» Problem requirements:
Give back exactly the lines of the data below, starting with the line that has "note: sqrt(Ud*Ud+Uq*Uq)<=Udc/sqrt(3)" and going on through the line that has "w_I : Inport".

» Records for the task:
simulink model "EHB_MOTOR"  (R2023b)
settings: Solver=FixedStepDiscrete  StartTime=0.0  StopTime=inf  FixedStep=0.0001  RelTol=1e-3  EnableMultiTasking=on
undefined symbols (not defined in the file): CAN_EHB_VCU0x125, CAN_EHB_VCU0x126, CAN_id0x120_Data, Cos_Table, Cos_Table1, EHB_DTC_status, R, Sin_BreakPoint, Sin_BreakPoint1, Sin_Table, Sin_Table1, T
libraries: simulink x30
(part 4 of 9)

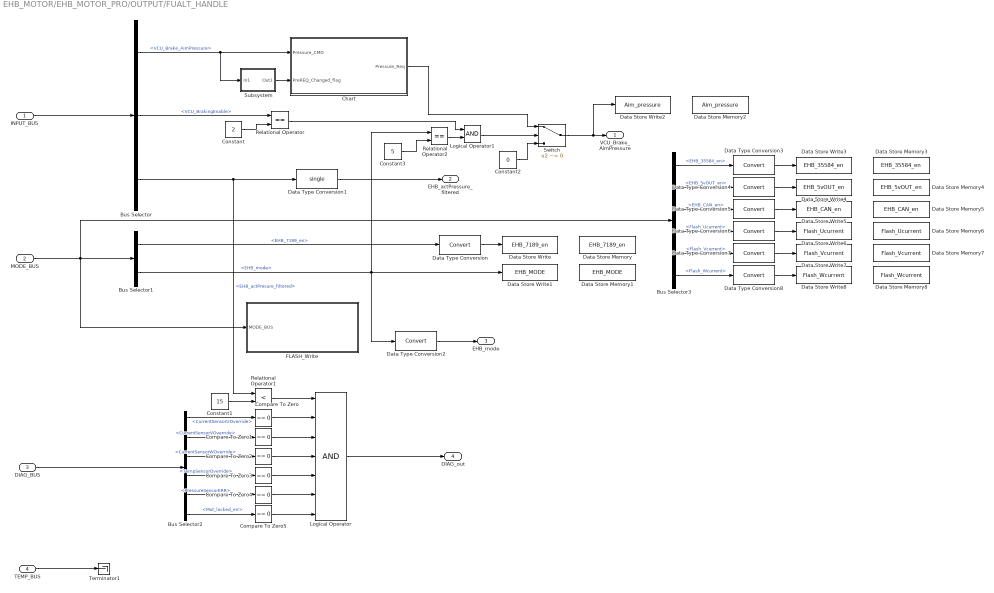
== system EHB_MOTOR/EHB_MOTOR_PRO/OUTPUT/FUALT_HANDLE ==
  INPUT_BUS : Inport
  MODE_BUS : Inport  Port=2
  DIAG_BUS : Inport  Port=3
  TEMP_BUS : Inport  Port=4
  Bus Selector : BusSelector  OutputSignals=CAN_BUS.VCU_Brake_AimPressure,CAN_BUS.VCU_BrakingEnable,AI_BUS.EHB_actPresure_filtered
  Bus Selector1 : BusSelector  OutputSignals=EHB_7189_en,EHB_mode
  Bus Selector2 : BusSelector  OutputSignals=CurrentSensorUOverride,CurrentSensorVOverride,CurrentSensorWOverride,TempSensorOverride,PressureSensorERR,Mot_locked_err
  Bus Selector3 : BusSelector  OutputSignals=EHB_35584_en,EHB_5vOUT_en,EHB_CAN_en,Flash_Ucurrent,Flash_Vcurrent,Flash_Wcurrent
  Chart : Stateflow chart  TreatAsAtomicUnit=on
  Compare To Zero{,1..5} (6 alike) : simulink/Logic and Bit Operations/Compare To Zero  relop===  OutDataTypeStr=boolean
  Constant : Constant  Value=2  OutDataTypeStr=Inherit: Inherit via back propagation
  Constant1 : Constant  Value=15
  Constant2 : Constant  Value=0  OutDataTypeStr=single
  Constant3 : Constant  Value=5  OutDataTypeStr=Inherit: Inherit via back propagation
  Data Store Memory : DataStoreMemory  DataStoreName=EHB_7189_en  ReadBeforeWriteMsg=warning  WriteAfterWriteMsg=warning  WriteAfterReadMsg=warning  ShowAdditionalParam=off  OutDataTypeStr=uint8
  Data Store Memory1 : DataStoreMemory  DataStoreName=EHB_MODE  ReadBeforeWriteMsg=warning  WriteAfterWriteMsg=warning  WriteAfterReadMsg=warning  ShowAdditionalParam=off  OutDataTypeStr=uint8
  Data Store Memory2 : DataStoreMemory  DataStoreName=Aim_pressure  ReadBeforeWriteMsg=warning  WriteAfterWriteMsg=warning  WriteAfterReadMsg=warning  ShowAdditionalParam=off  OutDataTypeStr=single
  Data Store Memory3 : DataStoreMemory  DataStoreName=EHB_35584_en  ReadBeforeWriteMsg=warning  WriteAfterWriteMsg=warning  WriteAfterReadMsg=warning  ShowAdditionalParam=off  OutDataTypeStr=uint8
  Data Store Memory4 : DataStoreMemory  DataStoreName=EHB_5vOUT_en  ReadBeforeWriteMsg=warning  WriteAfterWriteMsg=warning  WriteAfterReadMsg=warning  ShowAdditionalParam=off  OutDataTypeStr=uint8
  Data Store Memory5 : DataStoreMemory  DataStoreName=EHB_CAN_en  ReadBeforeWriteMsg=warning  WriteAfterWriteMsg=warning  WriteAfterReadMsg=warning  ShowAdditionalParam=off  OutDataTypeStr=uint8
  Data Store Memory6 : DataStoreMemory  DataStoreName=Flash_Ucurrent  ReadBeforeWriteMsg=warning  WriteAfterWriteMsg=warning  WriteAfterReadMsg=warning  ShowAdditionalParam=off  OutDataTypeStr=uint16
  Data Store Memory7 : DataStoreMemory  DataStoreName=Flash_Vcurrent  ReadBeforeWriteMsg=warning  WriteAfterWriteMsg=warning  WriteAfterReadMsg=warning  ShowAdditionalParam=off  OutDataTypeStr=uint16
  Data Store Memory8 : DataStoreMemory  DataStoreName=Flash_Wcurrent  ReadBeforeWriteMsg=warning  WriteAfterWriteMsg=warning  WriteAfterReadMsg=warning  ShowAdditionalParam=off  OutDataTypeStr=uint16
  Data Store Write : DataStoreWrite  DataStoreName=EHB_7189_en  DataStoreElements=EHB_7189_en  IndexOptions=Index vector (dialog)  Indices=1  OutputSizes=1
  Data Store Write1 : DataStoreWrite  DataStoreName=EHB_MODE  DataStoreElements=EHB_MODE  IndexOptions=Index vector (dialog)  Indices=1  OutputSizes=1
  Data Store Write2 : DataStoreWrite  DataStoreName=Aim_pressure  DataStoreElements=Aim_pressure  IndexOptions=Index vector (dialog)  Indices=1  OutputSizes=1
  Data Store Write3 : DataStoreWrite  DataStoreName=EHB_35584_en  DataStoreElements=EHB_35584_en  IndexOptions=Index vector (dialog)  Indices=1  OutputSizes=1
  Data Store Write4 : DataStoreWrite  DataStoreName=EHB_5vOUT_en  DataStoreElements=EHB_5vOUT_en  IndexOptions=Index vector (dialog)  Indices=1  OutputSizes=1
  Data Store Write5 : DataStoreWrite  DataStoreName=EHB_CAN_en  DataStoreElements=EHB_CAN_en  IndexOptions=Index vector (dialog)  Indices=1  OutputSizes=1
  Data Store Write6 : DataStoreWrite  DataStoreName=Flash_Ucurrent  DataStoreElements=Flash_Ucurrent  IndexOptions=Index vector (dialog)  Indices=1  OutputSizes=1
  Data Store Write7 : DataStoreWrite  DataStoreName=Flash_Vcurrent  DataStoreElements=Flash_Vcurrent  IndexOptions=Index vector (dialog)  Indices=1  OutputSizes=1
  Data Store Write8 : DataStoreWrite  DataStoreName=Flash_Wcurrent  DataStoreElements=Flash_Wcurrent  IndexOptions=Index vector (dialog)  Indices=1  OutputSizes=1
  Data Type Conversion{,2..8} (8 alike) : DataTypeConversion  SaturateOnIntegerOverflow=off  RndMeth=Floor
  Data Type Conversion1 : DataTypeConversion  OutDataTypeStr=single  SaturateOnIntegerOverflow=off  RndMeth=Floor
  FLASH_Write : Subsystem
  Logical Operator : Logic  Inputs=7  AllPortsSameDT=off  OutDataTypeStr=boolean
  Logical Operator1 : Logic  AllPortsSameDT=off  OutDataTypeStr=boolean
  Relational Operator : RelationalOperator  Operator===  OutDataTypeStr=boolean  RndMeth=Simplest  InputSameDT=off
  Relational Operator1 : RelationalOperator  Operator=<  OutDataTypeStr=boolean  RndMeth=Simplest  InputSameDT=off
  Relational Operator2 : RelationalOperator  Operator===  OutDataTypeStr=boolean  RndMeth=Simplest  InputSameDT=off
  Subsystem : Subsystem
  Switch : Switch  Criteria=u2 ~= 0  SaturateOnIntegerOverflow=off  InputSameDT=off
  Terminator1 : Terminator
  VCU_Brake_AimPressure : Outport  VectorParamsAs1DForOutWhenUnconnected=off
  EHB_actPressure_filtered : Outport  Port=2  VectorParamsAs1DForOutWhenUnconnected=off
  EHB_mode : Outport  Port=3  VectorParamsAs1DForOutWhenUnconnected=off
  DIAG_out : Outport  Port=4  VectorParamsAs1DForOutWhenUnconnected=off
  wires:
  INPUT_BUS/1 -> Bus Selector/1
  Bus Selector/3 -> Data Type Conversion1/1, Relational Operator1/1  "<EHB_actPresure_filtered>"
  TEMP_BUS/1 -> Terminator1/1
  MODE_BUS/1 -> Bus Selector1/1, FLASH_Write/1(MODE_BUS), Bus Selector3/1
  Bus Selector1/1 -> Data Type Conversion/1  "<EHB_7189_en>"
  Data Type Conversion/1 -> Data Store Write/1
  Bus Selector/1 -> Chart/1(Pressure_CMD), Subsystem/1(In1)  "<VCU_Brake_AimPressure>"
  Bus Selector/2 -> Relational Operator/1  "<VCU_BrakingEnable>"
  Constant/1 -> Relational Operator/2
  Relational Operator/1 -> Logical Operator1/1
  Switch/1 -> VCU_Brake_AimPressure/1, Data Store Write2/1
  Constant2/1 -> Switch/3
  Subsystem/1(Out1) -> Chart/2(PreREQ_Changed_flag)
  Chart/1(Pressure_Req) -> Switch/1
  Bus Selector2/4 -> Compare To Zero3/1  "<TempSensorOverride>"
  Bus Selector2/1 -> Compare To Zero/1  "<CurrentSensorUOverride>"
  Compare To Zero/1 -> Logical Operator/2
  Bus Selector2/2 -> Compare To Zero1/1  "<CurrentSensorVOverride>"
  Compare To Zero1/1 -> Logical Operator/3
  Compare To Zero2/1 -> Logical Operator/4
  Compare To Zero3/1 -> Logical Operator/5
  DIAG_BUS/1 -> Bus Selector2/1
  Bus Selector2/3 -> Compare To Zero2/1  "<CurrentSensorWOverride>"
  Logical Operator/1 -> DIAG_out/1
  Constant1/1 -> Relational Operator1/2
  Relational Operator1/1 -> Logical Operator/1
  Bus Selector1/2 -> Data Store Write1/1, Relational Operator2/1, Data Type Conversion2/1  "<EHB_mode>"
  Compare To Zero4/1 -> Logical Operator/6
  Bus Selector2/5 -> Compare To Zero4/1  "<PressureSensorERR>"
  Data Type Conversion1/1 -> EHB_actPressure_filtered/1
  Compare To Zero5/1 -> Logical Operator/7
  Bus Selector2/6 -> Compare To Zero5/1  "<Mot_locked_err>"
  Constant3/1 -> Relational Operator2/2
  Relational Operator2/1 -> Logical Operator1/2
  Logical Operator1/1 -> Switch/2
  Data Type Conversion2/1 -> EHB_mode/1
  Bus Selector3/1 -> Data Type Conversion3/1  "<EHB_35584_en>"
  Data Type Conversion3/1 -> Data Store Write3/1
  Bus Selector3/2 -> Data Type Conversion4/1  "<EHB_5vOUT_en>"
  Data Type Conversion4/1 -> Data Store Write4/1
  Data Type Conversion5/1 -> Data Store Write5/1
  Data Type Conversion6/1 -> Data Store Write6/1
  Bus Selector3/3 -> Data Type Conversion5/1  "<EHB_CAN_en>"
  Bus Selector3/4 -> Data Type Conversion6/1  "<Flash_Ucurrent>"
  Data Type Conversion7/1 -> Data Store Write7/1
  Data Type Conversion8/1 -> Data Store Write8/1
  Bus Selector3/5 -> Data Type Conversion7/1  "<Flash_Vcurrent>"
  Bus Selector3/6 -> Data Type Conversion8/1  "<Flash_Wcurrent>"

== system EHB_MOTOR/EHB_MOTOR_PRO/Pressure_closed/LOWPASS ==
  In1 : Inport
  Add : Sum
  Add1 : Sum  Inputs=+-
  Constant : Constant  Value=0.5  OutDataTypeStr=single
  Constant1 : Constant  OutDataTypeStr=single
  Multiply : Product
  Multiply1 : Product
  Unit Delay : UnitDelay  SampleTime=-1  HasFrameUpgradeWarning=on
  Out1 : Outport  VectorParamsAs1DForOutWhenUnconnected=off
  wires:
  In1/1 -> Multiply/1
  Multiply/1 -> Add/1
  Add/1 -> Unit Delay/1, Out1/1
  Constant/1 -> Add1/2, Multiply/2
  Constant1/1 -> Add1/1
  Add1/1 -> Multiply1/1
  Multiply1/1 -> Add/2
  Unit Delay/1 -> Multiply1/2

== system EHB_MOTOR/EHB_MOTOR_PRO/Speed_closed/Accuracy_Ctrl ==
  Pressure_Cmplt : Inport
  errSpd : Inport  Port=2
  SPDpterm_in : Inport  Port=3
  EHB_Initiate : Inport  Port=4
  Abs : Abs  SaturateOnIntegerOverflow=off
  Constant : Constant  Value=15  OutDataTypeStr=single
  Constant1 : Constant  Value=0  OutDataTypeStr=single
  Logical Operator : Logic  Operator=OR  Inputs=3  AllPortsSameDT=off  OutDataTypeStr=boolean
  Relational Operator : RelationalOperator  Operator=<=  OutDataTypeStr=boolean  RndMeth=Simplest  InputSameDT=off
  Switch : Switch  Criteria=u2 ~= 0  SaturateOnIntegerOverflow=off  InputSameDT=off
  SPDpterm_out : Outport  VectorParamsAs1DForOutWhenUnconnected=off
  wires:
  errSpd/1 -> Abs/1
  Abs/1 -> Relational Operator/1
  Constant/1 -> Relational Operator/2
  Switch/1 -> SPDpterm_out/1
  Constant1/1 -> Switch/1
  SPDpterm_in/1 -> Switch/3
  Relational Operator/1 -> Logical Operator/2
  Pressure_Cmplt/1 -> Logical Operator/1
  Logical Operator/1 -> Switch/2
  EHB_Initiate/1 -> Logical Operator/3

== system EHB_MOTOR/EHB_MOTOR_PRO/Speed_closed/Accuracy_Ctrl1 ==
  Pressure_Cmplt : Inport
  errSpd : Inport  Port=2
  SPDiterm_in : Inport  Port=3
  EHB_Initiate : Inport  Port=4
  Abs : Abs  SaturateOnIntegerOverflow=off
  Constant : Constant  Value=15  OutDataTypeStr=single
  Constant1 : Constant  Value=0  OutDataTypeStr=single
  Logical Operator : Logic  Operator=OR  Inputs=3  AllPortsSameDT=off  OutDataTypeStr=boolean
  Relational Operator : RelationalOperator  Operator=<=  OutDataTypeStr=boolean  RndMeth=Simplest  InputSameDT=off
  Switch : Switch  Criteria=u2 ~= 0  SaturateOnIntegerOverflow=off  InputSameDT=off
  SPDiterm_out : Outport  VectorParamsAs1DForOutWhenUnconnected=off
  wires:
  SPDiterm_in/1 -> Switch/3
  Constant1/1 -> Switch/1
  Switch/1 -> SPDiterm_out/1
  Constant/1 -> Relational Operator/2
  Abs/1 -> Relational Operator/1
  errSpd/1 -> Abs/1
  Relational Operator/1 -> Logical Operator/2
  Logical Operator/1 -> Switch/2
  Pressure_Cmplt/1 -> Logical Operator/1
  EHB_Initiate/1 -> Logical Operator/3

== system EHB_MOTOR/EHB_MOTOR_PRO/Speed_closed/LOWPASS ==
  In1 : Inport
  Add : Sum
  Add1 : Sum  Inputs=+-
  Constant : Constant  Value=0.5  OutDataTypeStr=single
  Constant1 : Constant  OutDataTypeStr=single
  Multiply : Product
  Multiply1 : Product
  Unit Delay : UnitDelay  SampleTime=-1  HasFrameUpgradeWarning=on
  Out1 : Outport  VectorParamsAs1DForOutWhenUnconnected=off
  wires:
  In1/1 -> Multiply/1
  Multiply/1 -> Add/1
  Add/1 -> Unit Delay/1, Out1/1
  Constant/1 -> Add1/2, Multiply/2
  Constant1/1 -> Add1/1
  Add1/1 -> Multiply1/1
  Multiply1/1 -> Add/2
  Unit Delay/1 -> Multiply1/2

== system EHB_MOTOR/EHB_MOTOR_PRO/Speed_closed/WeakMagnetism ==
  note: iq_1
  note: |iq*|cos( △u)
  note: sqrt(Ud*Ud+Uq*Uq)<=Udc/sqrt(3)
  note: id*
  note: id*id+iq*iq<=Ismax*Ismax
  note: iq*
  note: △u
  note: iq*
  note: |iq*|sin( △u)
  Iq_closed_input : Inport
  Speed_desired : Inport  Port=2
  Vd : Inport  Port=3  OutDataTypeStr=single
  Vq : Inport  Port=4  OutDataTypeStr=single
  w_P : Inport  Port=5  OutDataTypeStr=single
  w_I : Inport  Port=6  OutDataTypeStr=single
  -flux/Ld : Saturate  UpperLimit=0  LowerLimit=-76
  1-D Lookup Table : Lookup_n-D  Commented=on  NumberOfTableDimensions=1  BreakpointsForDimension1=[0;2200;2345;2347;2348;2351;2355;2383;2386;2420;2421;2537;2654;2812;3000]  Table=[0;-0.002;-0.07;-0.1;-0.2;-0.3;-0.5;-1;-2;-4;-5;-9;-16;-18;-24]  InternalRulePriority=Speed  RndMeth=Simplest
  Abs : Abs  SaturateOnIntegerOverflow=off
  Add2 : Sum  OutDataTypeStr=single  AccumDataTypeStr=single
  Constant : Constant  Value=0.577  OutDataTypeStr=single
  Constant1 : Constant  Value=0  OutDataTypeStr=single
  Fcn : Fcn  Expr=sqrt(u(1)^2+u(2)^2)/u(3)
  Fcn2 : Fcn  Expr=sqrt(u(1)^2-u(2)^2)
  Gain8 : Gain  Gain=-1
  Ismax : Constant  Value=114  OutDataTypeStr=single  SampleTime=-1
  Mux : Mux  Inputs=3
  Mux2 : Mux  Inputs=2
  Product1 : Product  RndMeth=Zero
  Product2 : Product  RndMeth=Zero
  Saturation : Saturate  UpperLimit=100  LowerLimit=-100  OutDataTypeStr=single
  Saturation Dynamic1 : simulink/Discontinuities/Saturation Dynamic  OutMin=[]  OutMax=[]  OutDataTypeStr=Inherit: Same as second input  OutDataType=fixdt(1, 16)  OutScaling=2^-10  DoSatur=off
  Saturation1 : Saturate  UpperLimit=114  LowerLimit=-114
  Subsystem : Subsystem
  Subsystem2 : Subsystem
  Sum2 : Sum  Inputs=|-+
  Switch : Switch  SaturateOnIntegerOverflow=off  InputSameDT=off
  Terminator : Terminator
  Vdc : Constant  Value=12  OutDataTypeStr=single
  id_desired : Outport
  iq_desired : Outport  Port=2
  wires:
  Subsystem/1(Sin) -> Product1/1
  Constant/1 -> Sum2/2
  Abs/1 -> Product1/2
  -flux/Ld/1 -> Add2/2
  Vq/1 -> Mux/2
  Fcn2/1 -> Gain8/1, Saturation Dynamic1/1
  Gain8/1 -> Saturation Dynamic1/3
  Saturation Dynamic1/1 -> Saturation1/1
  1-D Lookup Table/1 -> Terminator/1
  Ismax/1 -> Mux2/1
  Sum2/1 -> Subsystem2/1(Uerr)
  Fcn/1 -> Sum2/1
  Product1/1 -> -flux/Ld/1
  Vd/1 -> Mux/1
  Saturation/1 -> Mux2/2, id_desired/1
  Subsystem2/1(超前角) -> Subsystem/1(超前角), Switch/2
  Mux2/1 -> Fcn2/1
  Speed_desired/1 -> 1-D Lookup Table/1
  Mux/1 -> Fcn/1
  w_P/1 -> Subsystem2/2(KP)
  Switch/1 -> Saturation Dynamic1/2
  Iq_closed_input/1 -> Product2/1, Abs/1, Switch/1
  Add2/1 -> Saturation/1
  Constant1/1 -> Add2/1
  Product2/1 -> Switch/3
  Subsystem/2(cos) -> Product2/2
  Vdc/1 -> Mux/3
  w_I/1 -> Subsystem2/3(Ki)
  Saturation1/1 -> iq_desired/1

== system EHB_MOTOR/EHB_MOTOR_PRO/Subsystem/CLARK ==
  iA : Inport  OutDataTypeStr=single
  iB : Inport  Port=2  OutDataTypeStr=single
  Add : Sum  OutDataTypeStr=single
  B_Gain : Gain  Gain=2  OutDataTypeStr=single
  Beta_Gain : Gain  Gain=sqrt(3)/3  OutDataTypeStr=single
  alpha_current : Outport  OutDataTypeStr=single  VectorParamsAs1DForOutWhenUnconnected=off
  beta_current : Outport  Port=2  OutDataTypeStr=single  VectorParamsAs1DForOutWhenUnconnected=off
  wires:
  iB/1 -> B_Gain/1
  Beta_Gain/1 -> beta_current/1
  Add/1 -> Beta_Gain/1
  B_Gain/1 -> Add/2
  iA/1 -> Add/1, alpha_current/1

== system EHB_MOTOR/EHB_MOTOR_PRO/Subsystem/Current_PI ==
  id_actual : Inport  OutDataTypeStr=single
  iq_actual : Inport  Port=2  OutDataTypeStr=single
  id_desired : Inport  Port=3  OutDataTypeStr=single
  Iq_desired : Inport  Port=4  OutDataTypeStr=single
  id_P : Inport  Port=5  OutDataTypeStr=single
  id_I : Inport  Port=6  OutDataTypeStr=single
  iq_P : Inport  Port=7  OutDataTypeStr=single
  iq_I : Inport  Port=8  OutDataTypeStr=single
  u_dc : Inport  Port=9
  Pressure_Cmplt : Inport  Port=10
  VCU_Brake_AimPressure : Inport  Port=11
  errPressure : Inport  Port=12
  DIAG : Inport  Port=13
  EHB_Initiate : Inport  Port=14
  EHB_mode : Inport  Port=15
  1-D Lookup Table : Lookup_n-D  NumberOfTableDimensions=1  BreakpointsForDimension1=[-4000,-3000,-2000,-1000,0,1000,2000,3000,4000,5000,6000,7000,8000,9000,10000,11000,12000,13000,14000,15000]  BreakpointsForDimension1DataTypeStr=single  Table=[0.2,0.15,0.1,0.05,0,-0.1,-0.2,-0.24,-0.28,-0.32,-0.36,-0.4,-0.44,-0.48,-0.68,-0.68,-0.68,-0.68,-0.68,-0.68]  TableDataTypeStr=single  ExtrapMethod=Clip  UseLastTableValue=on  InternalRulePriority=Speed  RndMeth=Simplest
  Add1 : Sum  Inputs=+-  OutDataTypeStr=single
  Add2 : Sum  Inputs=+-  OutDataTypeStr=single
  Constant : Constant  Value=0  OutDataTypeStr=single
  Constant1 : Constant  Value=0  OutDataTypeStr=single
  Constant2 : Constant  Value=0  OutDataTypeStr=single
  Id_PI : Subsystem
  Iq_PI : Subsystem
  Logical Operator : Logic  AllPortsSameDT=off  OutDataTypeStr=boolean
  Logical Operator1 : Logic  Operator=NOT  AllPortsSameDT=off  OutDataTypeStr=boolean
  Saturation : Saturate  UpperLimit=0.7  LowerLimit=-0.7  OutDataTypeStr=fixdt(1,16,12)
  Switch : Switch  Criteria=u2 ~= 0  SaturateOnIntegerOverflow=off  InputSameDT=off
  Switch1 : Switch  Criteria=u2 ~= 0  SaturateOnIntegerOverflow=off  InputSameDT=off
  Switch2 : Switch  Criteria=u2 ~= 0  SaturateOnIntegerOverflow=off  InputSameDT=off
  Terminator : Terminator
  Ud : Outport  OutDataTypeStr=single  VectorParamsAs1DForOutWhenUnconnected=off
  Uq : Outport  Port=2  OutDataTypeStr=single  VectorParamsAs1DForOutWhenUnconnected=off
  Ud_out : Outport  Port=3  OutDataTypeStr=single  VectorParamsAs1DForOutWhenUnconnected=off
  Uq_out : Outport  Port=4  OutDataTypeStr=single  VectorParamsAs1DForOutWhenUnconnected=off
  wires:
  Add1/1 -> Id_PI/2(delta_id)
  id_desired/1 -> Add1/1, Id_PI/1(id_desired)
  Add2/1 -> Iq_PI/1(delta_iq)
  Iq_desired/1 -> Add2/1
  iq_actual/1 -> Add2/2
  id_actual/1 -> Add1/2
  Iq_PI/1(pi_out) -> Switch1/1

» Answer section:
  note: sqrt(Ud*Ud+Uq*Uq)<=Udc/sqrt(3)
  note: id*
  note: id*id+iq*iq<=Ismax*Ismax
  note: iq*
  note: △u
  note: iq*
  note: |iq*|sin( △u)
  Iq_closed_input : Inport
  Speed_desired : Inport  Port=2
  Vd : Inport  Port=3  OutDataTypeStr=single
  Vq : Inport  Port=4  OutDataTypeStr=single
  w_P : Inport  Port=5  OutDataTypeStr=single
  w_I : Inport  Port=6  OutDataTypeStr=single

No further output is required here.